-- REQUIRED WORK --
Please transcribe the line with "#51=PLANE('',#50);" and the lines after it through the end of the listing below, keeping both ends and nothing more.

-- DATA TO PROCESS --
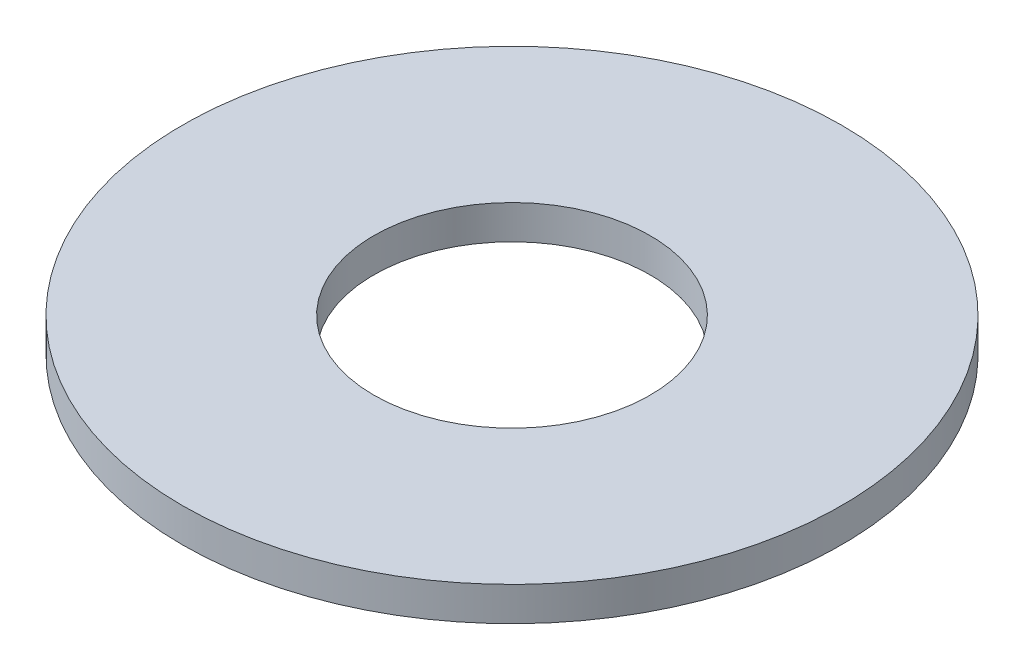
ISO-10303-21;
HEADER;
FILE_DESCRIPTION(('STEP AP214'),'2;1');
FILE_NAME('part.step','',(''),(''),'','','');
FILE_SCHEMA(('AUTOMOTIVE_DESIGN { 1 0 10303 214 1 1 1 1 }'));
ENDSEC;
DATA;
#1=APPLICATION_CONTEXT('core data for automotive mechanical design processes');
#2=APPLICATION_PROTOCOL_DEFINITION('international standard','automotive_design',2000,#1);
#3=PRODUCT_CONTEXT('',#1,'mechanical');
#4=PRODUCT('Part','Part','',(#3));
#5=PRODUCT_RELATED_PRODUCT_CATEGORY('part','',(#4));
#6=PRODUCT_DEFINITION_FORMATION('','',#4);
#7=PRODUCT_DEFINITION_CONTEXT('part definition',#1,'design');
#8=PRODUCT_DEFINITION('design','',#6,#7);
#9=PRODUCT_DEFINITION_SHAPE('','',#8);
#10=(LENGTH_UNIT() NAMED_UNIT(*) SI_UNIT(.MILLI.,.METRE.));
#11=(NAMED_UNIT(*) PLANE_ANGLE_UNIT() SI_UNIT($,.RADIAN.));
#12=(NAMED_UNIT(*) SI_UNIT($,.STERADIAN.) SOLID_ANGLE_UNIT());
#13=UNCERTAINTY_MEASURE_WITH_UNIT(LENGTH_MEASURE(1.E-05),#10,'distance_accuracy_value','');
#14=(GEOMETRIC_REPRESENTATION_CONTEXT(3) GLOBAL_UNCERTAINTY_ASSIGNED_CONTEXT((#13)) GLOBAL_UNIT_ASSIGNED_CONTEXT((#10,
#11,#12)) REPRESENTATION_CONTEXT('',''));
#15=CARTESIAN_POINT('',(0.,0.,0.));
#16=DIRECTION('',(0.,0.,1.));
#17=DIRECTION('',(1.,0.,0.));
#18=AXIS2_PLACEMENT_3D('',#15,#16,#17);
#19=CARTESIAN_POINT('',(0.,8.,0.));
#20=DIRECTION('',(0.,-1.,0.));
#21=DIRECTION('',(0.,0.,-1.));
#22=AXIS2_PLACEMENT_3D('',#19,#20,#21);
#23=CYLINDRICAL_SURFACE('',#22,77.5);
#24=CARTESIAN_POINT('',(0.,8.,0.));
#25=DIRECTION('',(0.,1.,0.));
#26=DIRECTION('',(0.,0.,1.));
#27=AXIS2_PLACEMENT_3D('',#24,#25,#26);
#28=CIRCLE('',#27,77.5);
#29=CARTESIAN_POINT('',(0.,8.,77.5));
#30=VERTEX_POINT('',#29);
#31=EDGE_CURVE('E10',#30,#30,#28,.T.);
#32=ORIENTED_EDGE('',*,*,#31,.F.);
#33=EDGE_LOOP('',(#32));
#34=FACE_BOUND('',#33,.T.);
#35=CARTESIAN_POINT('',(0.,0.,0.));
#36=DIRECTION('',(0.,1.,0.));
#37=DIRECTION('',(0.,0.,1.));
#38=AXIS2_PLACEMENT_3D('',#35,#36,#37);
#39=CIRCLE('',#38,77.5);
#40=CARTESIAN_POINT('',(0.,0.,77.5));
#41=VERTEX_POINT('',#40);
#42=EDGE_CURVE('E37',#41,#41,#39,.T.);
#43=ORIENTED_EDGE('',*,*,#42,.T.);
#44=EDGE_LOOP('',(#43));
#45=FACE_BOUND('',#44,.T.);
#46=ADVANCED_FACE('F40',(#34,#45),#23,.T.);
#47=CARTESIAN_POINT('',(0.,8.,0.));
#48=DIRECTION('',(0.,1.,0.));
#49=DIRECTION('',(0.,0.,1.));
#50=AXIS2_PLACEMENT_3D('',#47,#48,#49);
#51=PLANE('',#50);
#52=CARTESIAN_POINT('',(0.,8.,0.));
#53=DIRECTION('',(0.,1.,0.));
#54=DIRECTION('',(0.,0.,1.));
#55=AXIS2_PLACEMENT_3D('',#52,#53,#54);
#56=CIRCLE('',#55,32.5);
#57=CARTESIAN_POINT('',(0.,8.,32.5));
#58=VERTEX_POINT('',#57);
#59=EDGE_CURVE('E50',#58,#58,#56,.T.);
#60=ORIENTED_EDGE('',*,*,#59,.F.);
#61=EDGE_LOOP('',(#60));
#62=FACE_BOUND('',#61,.T.);
#63=ORIENTED_EDGE('',*,*,#31,.T.);
#64=EDGE_LOOP('',(#63));
#65=FACE_BOUND('',#64,.T.);
#66=ADVANCED_FACE('F59',(#62,#65),#51,.T.);
#67=CARTESIAN_POINT('',(0.,0.,0.));
#68=DIRECTION('',(0.,1.,0.));
#69=DIRECTION('',(0.,0.,1.));
#70=AXIS2_PLACEMENT_3D('',#67,#68,#69);
#71=PLANE('',#70);
#72=CARTESIAN_POINT('',(0.,0.,0.));
#73=DIRECTION('',(0.,1.,0.));
#74=DIRECTION('',(0.,0.,1.));
#75=AXIS2_PLACEMENT_3D('',#72,#73,#74);
#76=CIRCLE('',#75,32.5);
#77=CARTESIAN_POINT('',(0.,0.,32.5));
#78=VERTEX_POINT('',#77);
#79=EDGE_CURVE('E47',#78,#78,#76,.T.);
#80=ORIENTED_EDGE('',*,*,#79,.T.);
#81=EDGE_LOOP('',(#80));
#82=FACE_BOUND('',#81,.T.);
#83=ORIENTED_EDGE('',*,*,#42,.F.);
#84=EDGE_LOOP('',(#83));
#85=FACE_BOUND('',#84,.T.);
#86=ADVANCED_FACE('F58',(#82,#85),#71,.F.);
#87=CARTESIAN_POINT('',(0.,8.,0.));
#88=DIRECTION('',(0.,-1.,0.));
#89=DIRECTION('',(0.,0.,-1.));
#90=AXIS2_PLACEMENT_3D('',#87,#88,#89);
#91=CYLINDRICAL_SURFACE('',#90,32.5);
#92=ORIENTED_EDGE('',*,*,#59,.T.);
#93=EDGE_LOOP('',(#92));
#94=FACE_BOUND('',#93,.T.);
#95=ORIENTED_EDGE('',*,*,#79,.F.);
#96=EDGE_LOOP('',(#95));
#97=FACE_BOUND('',#96,.T.);
#98=ADVANCED_FACE('F54',(#94,#97),#91,.F.);
#99=CLOSED_SHELL('',(#46,#66,#86,#98));
#100=MANIFOLD_SOLID_BREP('B2',#99);
#101=ADVANCED_BREP_SHAPE_REPRESENTATION('',(#18,#100),#14);
#102=SHAPE_DEFINITION_REPRESENTATION(#9,#101);
ENDSEC;
END-ISO-10303-21;

-- RESPONSE AREA --
#51=PLANE('',#50);
#52=CARTESIAN_POINT('',(0.,8.,0.));
#53=DIRECTION('',(0.,1.,0.));
#54=DIRECTION('',(0.,0.,1.));
#55=AXIS2_PLACEMENT_3D('',#52,#53,#54);
#56=CIRCLE('',#55,32.5);
#57=CARTESIAN_POINT('',(0.,8.,32.5));
#58=VERTEX_POINT('',#57);
#59=EDGE_CURVE('E50',#58,#58,#56,.T.);
#60=ORIENTED_EDGE('',*,*,#59,.F.);
#61=EDGE_LOOP('',(#60));
#62=FACE_BOUND('',#61,.T.);
#63=ORIENTED_EDGE('',*,*,#31,.T.);
#64=EDGE_LOOP('',(#63));
#65=FACE_BOUND('',#64,.T.);
#66=ADVANCED_FACE('F59',(#62,#65),#51,.T.);
#67=CARTESIAN_POINT('',(0.,0.,0.));
#68=DIRECTION('',(0.,1.,0.));
#69=DIRECTION('',(0.,0.,1.));
#70=AXIS2_PLACEMENT_3D('',#67,#68,#69);
#71=PLANE('',#70);
#72=CARTESIAN_POINT('',(0.,0.,0.));
#73=DIRECTION('',(0.,1.,0.));
#74=DIRECTION('',(0.,0.,1.));
#75=AXIS2_PLACEMENT_3D('',#72,#73,#74);
#76=CIRCLE('',#75,32.5);
#77=CARTESIAN_POINT('',(0.,0.,32.5));
#78=VERTEX_POINT('',#77);
#79=EDGE_CURVE('E47',#78,#78,#76,.T.);
#80=ORIENTED_EDGE('',*,*,#79,.T.);
#81=EDGE_LOOP('',(#80));
#82=FACE_BOUND('',#81,.T.);
#83=ORIENTED_EDGE('',*,*,#42,.F.);
#84=EDGE_LOOP('',(#83));
#85=FACE_BOUND('',#84,.T.);
#86=ADVANCED_FACE('F58',(#82,#85),#71,.F.);
#87=CARTESIAN_POINT('',(0.,8.,0.));
#88=DIRECTION('',(0.,-1.,0.));
#89=DIRECTION('',(0.,0.,-1.));
#90=AXIS2_PLACEMENT_3D('',#87,#88,#89);
#91=CYLINDRICAL_SURFACE('',#90,32.5);
#92=ORIENTED_EDGE('',*,*,#59,.T.);
#93=EDGE_LOOP('',(#92));
#94=FACE_BOUND('',#93,.T.);
#95=ORIENTED_EDGE('',*,*,#79,.F.);
#96=EDGE_LOOP('',(#95));
#97=FACE_BOUND('',#96,.T.);
#98=ADVANCED_FACE('F54',(#94,#97),#91,.F.);
#99=CLOSED_SHELL('',(#46,#66,#86,#98));
#100=MANIFOLD_SOLID_BREP('B2',#99);
#101=ADVANCED_BREP_SHAPE_REPRESENTATION('',(#18,#100),#14);
#102=SHAPE_DEFINITION_REPRESENTATION(#9,#101);
ENDSEC;
END-ISO-10303-21;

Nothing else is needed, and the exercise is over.